Dean follows a glimpse of color into a clearing and finds a cottage, yellow and small. It looks enough like it's plucked from a fairy tale that Dean is going to give Sam shit for this forever. When he finds him.

As it turns out, that doesn't take long. Dean ascends the stairs and opens the unlocked door - there are no threats in this forest, no interruptions or distractions.

And there - there is Sam. He's dozing in a low wide bed, curled around another Dean, and that's how Dean knows this one isn't a memory, cause he's damn sure he'd remember this. The sleeping pair are half-covered in a sheet that looks soft where it drapes across the base of Sam's spine. Sam's hand is curled at the back of other Dean's head, fingers brushing his hair like they'd been playing at it before Sam dropped off to sleep. Sam's foot is kicked between Dean's ankles. There are no lines on Sam's face. No tension in the broad, muscular plane of his back.

Sam shifts and rouses slightly as Dean walks toward the bed on creaking floorboards, then sits up in a panic as the other Dean vanishes. His eyes lock on Dean for a confused moment before Dean crawls into bed fully clothed and takes the vanished Dean's place. He curves a hand around the bare back of Sam's neck and pulls him close. "Hey," Dean breathes out. He takes a moment to look at Sam's face after having searched so long for it.

"Dean?" Sam says. Realization dawns on his face. "Dean? Is that you?" Dean nods and Sam's face is aflame with a sudden flush. "I can explain," Sam says in a hurry.

Dean drags Sam's hand back to tangle in his hair.

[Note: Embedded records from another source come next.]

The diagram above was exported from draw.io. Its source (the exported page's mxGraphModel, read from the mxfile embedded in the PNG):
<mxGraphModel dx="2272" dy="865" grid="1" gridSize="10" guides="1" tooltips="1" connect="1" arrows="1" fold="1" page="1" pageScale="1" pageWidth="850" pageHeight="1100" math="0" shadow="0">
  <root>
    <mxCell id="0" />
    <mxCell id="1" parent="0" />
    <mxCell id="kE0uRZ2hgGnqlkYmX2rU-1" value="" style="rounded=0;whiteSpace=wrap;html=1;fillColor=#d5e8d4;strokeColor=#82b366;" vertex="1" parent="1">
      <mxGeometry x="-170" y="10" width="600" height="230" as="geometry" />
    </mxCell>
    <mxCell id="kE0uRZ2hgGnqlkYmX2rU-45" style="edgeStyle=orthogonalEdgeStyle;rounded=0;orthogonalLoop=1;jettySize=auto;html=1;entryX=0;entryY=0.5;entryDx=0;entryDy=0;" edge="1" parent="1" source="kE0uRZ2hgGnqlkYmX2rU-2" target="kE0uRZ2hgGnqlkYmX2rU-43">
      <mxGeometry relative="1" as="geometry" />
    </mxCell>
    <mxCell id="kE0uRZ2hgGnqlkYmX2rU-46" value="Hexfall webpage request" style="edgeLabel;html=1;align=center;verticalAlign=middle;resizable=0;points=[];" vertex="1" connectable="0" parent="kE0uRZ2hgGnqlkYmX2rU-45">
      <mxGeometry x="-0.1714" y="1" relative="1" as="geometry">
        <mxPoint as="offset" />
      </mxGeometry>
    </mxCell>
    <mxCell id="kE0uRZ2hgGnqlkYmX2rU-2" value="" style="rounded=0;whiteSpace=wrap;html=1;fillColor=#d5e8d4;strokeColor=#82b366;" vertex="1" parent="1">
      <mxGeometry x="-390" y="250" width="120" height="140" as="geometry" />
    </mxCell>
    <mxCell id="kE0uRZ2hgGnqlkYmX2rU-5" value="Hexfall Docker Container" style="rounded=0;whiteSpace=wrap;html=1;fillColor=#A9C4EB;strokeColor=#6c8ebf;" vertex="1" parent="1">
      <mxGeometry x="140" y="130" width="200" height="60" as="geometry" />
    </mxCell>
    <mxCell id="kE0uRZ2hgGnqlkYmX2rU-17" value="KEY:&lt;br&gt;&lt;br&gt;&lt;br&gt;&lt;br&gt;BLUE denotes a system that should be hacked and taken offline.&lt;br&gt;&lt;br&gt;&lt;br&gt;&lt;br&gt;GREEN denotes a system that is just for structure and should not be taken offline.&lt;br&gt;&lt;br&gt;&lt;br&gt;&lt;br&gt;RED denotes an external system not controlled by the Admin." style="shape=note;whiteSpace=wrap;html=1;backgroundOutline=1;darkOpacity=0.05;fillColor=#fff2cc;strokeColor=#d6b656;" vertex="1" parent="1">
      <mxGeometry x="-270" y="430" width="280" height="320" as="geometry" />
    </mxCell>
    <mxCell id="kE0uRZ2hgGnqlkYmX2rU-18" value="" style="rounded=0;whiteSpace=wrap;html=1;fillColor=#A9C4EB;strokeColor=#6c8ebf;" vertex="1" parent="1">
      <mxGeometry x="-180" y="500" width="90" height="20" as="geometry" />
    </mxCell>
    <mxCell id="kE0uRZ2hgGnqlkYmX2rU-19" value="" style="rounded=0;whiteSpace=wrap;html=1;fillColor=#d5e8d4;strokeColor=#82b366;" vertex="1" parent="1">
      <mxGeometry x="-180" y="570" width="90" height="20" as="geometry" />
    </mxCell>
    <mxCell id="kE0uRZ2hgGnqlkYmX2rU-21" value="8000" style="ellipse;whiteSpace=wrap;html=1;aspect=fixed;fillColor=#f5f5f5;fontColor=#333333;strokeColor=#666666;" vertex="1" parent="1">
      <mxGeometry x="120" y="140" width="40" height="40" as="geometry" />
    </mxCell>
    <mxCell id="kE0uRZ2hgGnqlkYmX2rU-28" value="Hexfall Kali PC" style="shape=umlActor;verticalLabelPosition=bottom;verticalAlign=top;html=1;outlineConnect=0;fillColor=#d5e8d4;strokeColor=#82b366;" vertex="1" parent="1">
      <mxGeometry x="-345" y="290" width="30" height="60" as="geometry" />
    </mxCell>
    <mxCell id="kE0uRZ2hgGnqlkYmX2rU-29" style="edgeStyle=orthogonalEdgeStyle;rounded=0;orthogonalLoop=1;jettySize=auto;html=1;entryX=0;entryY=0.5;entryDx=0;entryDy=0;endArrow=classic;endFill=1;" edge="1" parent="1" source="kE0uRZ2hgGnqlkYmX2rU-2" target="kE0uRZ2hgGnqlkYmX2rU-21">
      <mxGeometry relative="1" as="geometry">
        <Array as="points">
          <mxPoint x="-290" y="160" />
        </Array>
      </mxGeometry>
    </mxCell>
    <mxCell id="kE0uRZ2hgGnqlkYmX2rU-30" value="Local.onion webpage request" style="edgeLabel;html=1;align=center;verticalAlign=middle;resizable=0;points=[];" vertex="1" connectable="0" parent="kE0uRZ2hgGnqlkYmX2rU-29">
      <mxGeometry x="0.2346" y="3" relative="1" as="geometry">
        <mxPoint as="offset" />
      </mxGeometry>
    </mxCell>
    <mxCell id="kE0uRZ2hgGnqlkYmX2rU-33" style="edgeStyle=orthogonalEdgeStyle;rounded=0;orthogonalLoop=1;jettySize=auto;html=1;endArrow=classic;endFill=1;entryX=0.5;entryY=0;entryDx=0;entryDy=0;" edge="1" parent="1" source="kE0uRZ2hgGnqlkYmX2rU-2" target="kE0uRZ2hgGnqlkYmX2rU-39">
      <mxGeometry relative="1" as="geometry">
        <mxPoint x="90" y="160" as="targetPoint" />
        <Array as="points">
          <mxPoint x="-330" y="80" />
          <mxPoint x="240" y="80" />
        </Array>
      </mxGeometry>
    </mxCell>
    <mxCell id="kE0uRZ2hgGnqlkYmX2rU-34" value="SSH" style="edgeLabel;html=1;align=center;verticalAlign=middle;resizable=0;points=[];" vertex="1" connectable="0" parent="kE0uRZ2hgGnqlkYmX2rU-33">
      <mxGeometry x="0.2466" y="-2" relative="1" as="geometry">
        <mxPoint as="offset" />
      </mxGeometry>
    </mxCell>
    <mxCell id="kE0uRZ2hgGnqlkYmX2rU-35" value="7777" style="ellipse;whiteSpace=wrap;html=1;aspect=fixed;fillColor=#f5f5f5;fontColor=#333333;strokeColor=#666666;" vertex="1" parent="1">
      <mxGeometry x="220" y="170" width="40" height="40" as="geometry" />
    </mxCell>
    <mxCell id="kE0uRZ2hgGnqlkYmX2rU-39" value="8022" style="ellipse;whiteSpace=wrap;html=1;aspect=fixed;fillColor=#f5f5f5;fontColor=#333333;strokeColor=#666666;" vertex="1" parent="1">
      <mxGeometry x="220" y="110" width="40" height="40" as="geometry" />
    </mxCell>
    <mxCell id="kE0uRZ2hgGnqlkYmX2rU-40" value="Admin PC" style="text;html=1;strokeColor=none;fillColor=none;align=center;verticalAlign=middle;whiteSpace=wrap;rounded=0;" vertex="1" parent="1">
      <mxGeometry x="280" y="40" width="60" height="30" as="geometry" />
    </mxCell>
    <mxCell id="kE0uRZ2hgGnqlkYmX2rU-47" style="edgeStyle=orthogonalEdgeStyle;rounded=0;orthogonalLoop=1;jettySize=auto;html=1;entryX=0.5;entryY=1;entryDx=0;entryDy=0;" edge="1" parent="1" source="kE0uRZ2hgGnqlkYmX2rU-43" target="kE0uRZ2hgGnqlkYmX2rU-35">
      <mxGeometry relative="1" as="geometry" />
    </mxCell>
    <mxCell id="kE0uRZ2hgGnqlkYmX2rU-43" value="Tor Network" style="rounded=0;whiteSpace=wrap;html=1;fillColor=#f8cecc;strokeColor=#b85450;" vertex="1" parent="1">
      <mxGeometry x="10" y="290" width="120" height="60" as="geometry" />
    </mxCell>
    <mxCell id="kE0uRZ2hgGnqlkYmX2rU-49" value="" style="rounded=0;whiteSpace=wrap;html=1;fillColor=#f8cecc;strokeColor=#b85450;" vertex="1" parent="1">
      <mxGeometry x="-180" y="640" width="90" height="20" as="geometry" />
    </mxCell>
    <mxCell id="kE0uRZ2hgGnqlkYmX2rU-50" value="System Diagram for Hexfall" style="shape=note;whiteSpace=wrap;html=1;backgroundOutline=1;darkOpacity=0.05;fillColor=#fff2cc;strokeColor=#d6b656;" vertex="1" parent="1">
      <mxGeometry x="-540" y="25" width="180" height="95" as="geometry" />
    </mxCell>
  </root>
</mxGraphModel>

He catches Sam's foot between his ankles. "Hold on to me."

Sam's fingers clench in his hair, tugging uncomfortable and real and glorious. "Are you staying?"

"No," Dean says. And he's not even afraid, it's the strangest thing. He doesn't have to worry that Sam won't want to come back with him, won't willingly give up heaven to follow Dean wherever he goes. Dean's seen what Sam wants. "You're coming with me." He hitches in closer to Sam. "Just hold on tight."

Sam's nose brushes Dean's cheek when he asks wonderingly, "How'd you find me?"

"It's my heaven, too." The only person who could've found Sam is his soulmate. There's a violent jolt, and Dean tightens his arms around his brother.

The burn of the defibrillator is nothing compared to the fire of Sam's soul inside him. Dean's burning up in the chill of the meat locker, over-full of something fierce and golden and savagely loving. He rears up gasping. Robo-Sam is leaning over him with that look of detached curiosity and potato chip crumbs on his collar. Dean buries his hands in Sam's shirtfront and pulls him in. He opens his mouth against Sam's and breathes, holds there until he feels Sam's mouth open and soften. Dean knows it's worked when Sam shifts from leaning awkwardly over the gurney to pressing Dean firmly back against it, kissing Dean's lips, then his neck, then his chin, the corner of his mouth, his nose.

"Welcome back," Dean says. And maybe Sam left the tiniest bit behind, because Dean still feels the golden burn of Sam's soul. He thinks he always will.

Their breaths fog together, face to face, till they fumble out of the freezer and into the daylight.